Dexter: Season 6

Yeah, it's good again.

Dexter: Season 6
Yeah, it's good again.

I have faithfully watched every second of the life of crusading serial killer Dexter Morgan, from his pursuit of the Ice Truck Killer to the police’s pursuit of him as the Bay Harbor Butcher to his awkward relationships with various sociopaths and broken people and, of course, Miami police officers.

Like an old friendship, he hasn’t surprised me in years, but we still hang out. He likes to put on a show. I like to watch.

I have not felt moved by Dexter, the show he inhabits, in about as long. There have been great performances, sure. John Lithgow played a truly sadistic family man in Season 4. He wasn’t simply evil in some scenes and neighborly in others. He managed to embody both simultaneously, though in different degrees depending on the needs of the moment. I would put the character and Lithgow’s performance among the best villains of stage and screen.

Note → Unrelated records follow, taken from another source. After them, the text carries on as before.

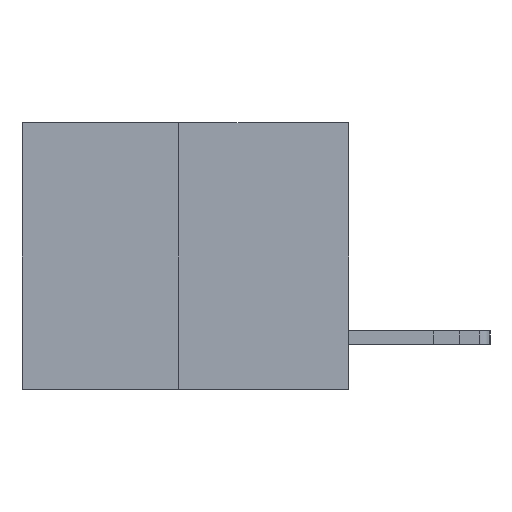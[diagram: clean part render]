
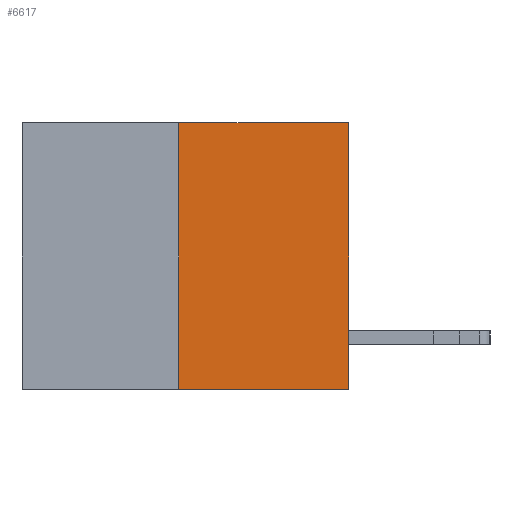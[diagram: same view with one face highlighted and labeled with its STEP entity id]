
A CAD part, left-side view. The second image highlights one B-rep face of the part: STEP entity #6617.
In plain terms, the highlighted planar face has unit normal (-1, 0, 0).
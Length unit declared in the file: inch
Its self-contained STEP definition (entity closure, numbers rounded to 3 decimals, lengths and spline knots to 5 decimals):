
#484 = VECTOR ( 'NONE', #12787, 39.37008 ) ;
#1112 = LINE ( 'NONE', #4245, #7991 ) ;
#1220 = VECTOR ( 'NONE', #9089, 39.37008 ) ;
#1265 = CARTESIAN_POINT ( 'NONE',  ( 0., 0.6, -0.49 ) ) ;
#1438 = CARTESIAN_POINT ( 'NONE',  ( 0., 0.312, 0. ) ) ;
#2353 = DIRECTION ( 'NONE',  ( 0., -1., 0. ) ) ;
#2491 = VERTEX_POINT ( 'NONE', #1438 ) ;
#2615 = CARTESIAN_POINT ( 'NONE',  ( 0., 0.312, -0.49 ) ) ;
#2954 = VERTEX_POINT ( 'NONE', #10623 ) ;
#3061 = VECTOR ( 'NONE', #2353, 39.37008 ) ;
#3232 = LINE ( 'NONE', #11743, #484 ) ;
#3803 = ORIENTED_EDGE ( 'NONE', *, *, #7204, .F. ) ;
#4245 = CARTESIAN_POINT ( 'NONE',  ( 0., 0., 0. ) ) ;
#4955 = LINE ( 'NONE', #1265, #3061 ) ;
#5087 = EDGE_CURVE ( 'NONE', #10585, #2954, #1112, .T. ) ;
#5363 = DIRECTION ( 'NONE',  ( 0., 0., 1. ) ) ;
#5618 = CARTESIAN_POINT ( 'NONE',  ( 0., 0.312, -0.49 ) ) ;
#5991 = AXIS2_PLACEMENT_3D ( 'NONE', #7367, #10633, #8827 ) ;
#6133 = ORIENTED_EDGE ( 'NONE', *, *, #8790, .F. ) ;
#6435 = CARTESIAN_POINT ( 'NONE',  ( 0., 0., -0.49 ) ) ;
#6617 = ADVANCED_FACE ( 'NONE', ( #10750 ), #12893, .F. ) ;
#7204 = EDGE_CURVE ( 'NONE', #8491, #2491, #7583, .T. ) ;
#7367 = CARTESIAN_POINT ( 'NONE',  ( 0., 0.6, 0. ) ) ;
#7583 = LINE ( 'NONE', #2615, #1220 ) ;
#7991 = VECTOR ( 'NONE', #5363, 39.37008 ) ;
#8399 = EDGE_CURVE ( 'NONE', #8491, #10585, #4955, .T. ) ;
#8491 = VERTEX_POINT ( 'NONE', #5618 ) ;
#8790 = EDGE_CURVE ( 'NONE', #2491, #2954, #3232, .T. ) ;
#8827 = DIRECTION ( 'NONE',  ( 0., 0., -1. ) ) ;
#9089 = DIRECTION ( 'NONE',  ( 0., 0., 1. ) ) ;
#10585 = VERTEX_POINT ( 'NONE', #6435 ) ;
#10623 = CARTESIAN_POINT ( 'NONE',  ( 0., 0., 0. ) ) ;
#10633 = DIRECTION ( 'NONE',  ( 1., 0., 0. ) ) ;
#10750 = FACE_OUTER_BOUND ( 'NONE', #11222, .T. ) ;
#11222 = EDGE_LOOP ( 'NONE', ( #3803, #12437, #12777, #6133 ) ) ;
#11743 = CARTESIAN_POINT ( 'NONE',  ( 0., 0.6, 0. ) ) ;
#12437 = ORIENTED_EDGE ( 'NONE', *, *, #8399, .T. ) ;
#12777 = ORIENTED_EDGE ( 'NONE', *, *, #5087, .T. ) ;
#12787 = DIRECTION ( 'NONE',  ( 0., -1., 0. ) ) ;
#12893 = PLANE ( 'NONE',  #5991 ) ;

The reason I liked Dexter in the first place, though, went beyond the thriller elements and the wicked characterization. It aspired to be a show with implications on society. At its best, the show hasn’t even been about serial killing, as such. It featured the killers, it revolved around their deeds, but it used them to focus on us — normal people, the non-deranged — and the sometimes utterly baffling society we have created. Love, family, duty, friendship, lust, child-rearing: it’s all some weird shit, especially when viewed with sociopathic detachment.

Dexter, hadn’t connected on this level since before season three, where Dexter made pals with Jimmy Smits, a district attorney who wanted to win at all costs, even if it meant killing someone himself.

This season, though — holy hell — the writers have tackled the biggest, weirdest social construct of all: faith. And I love the questions they’re asking. What is faith? What are its universal aspects? How can those who possess it be both saints like the reformed murderer Brother Sam (played with a devout ebullience by Mos Def) and pure evil like the sweater-vested revelator/butcher Professor Gellar (played with a calm sadism by Edward James Olmos)?

Faith is such a primary human motivation, and yet such a strange one, that it’s best examined by an outsider, a curious skeptic. Dexter’s take on the matter is unique, perverse and enlightening.

Hanging out with him these last few weeks reminds me why I became friends with the dude in the first place.


TIVO-WORTHY

Macy’s Thanksgiving Day Parade
That thing your mom always makes you watch but that completely bores you despite the fact that there is always a helium-filled Grover from Sesame Street floating through the streets of New York and a Spiderman and Shrek (because Willard Scott and then Katie Couric and then Meredith Viera and now Matt Lauer, Ann Curry and Al Roker are all so la-a-a-a-ame) turns 81 years old this week. (NBC, Thursday, Nov. 24, 9 am)

I Hate My Teenage Daughter
Surprisingly not a reality show on MTV, this is a rather piebald-looking mid-season replacement sitcom on Fox. It stars Jaime Pressly, her bombshell looks once again putting her in a kind of rube-ish bumpkin role. Those looking for a retread of My Name is Earl won’t find it here, though; this series about single moms is more Two Half-Full Houses. (FOX, premieres Wednesday, Nov. 30, 9:30 pm)

Knights of Mayhem
Yes, there is a place in this world for grown, modern men who don suits of armor, climb onto the backs of horses and joust each other. That place is the National Geographic Channel. (Nat Geo, Tuesdays, 9 pm)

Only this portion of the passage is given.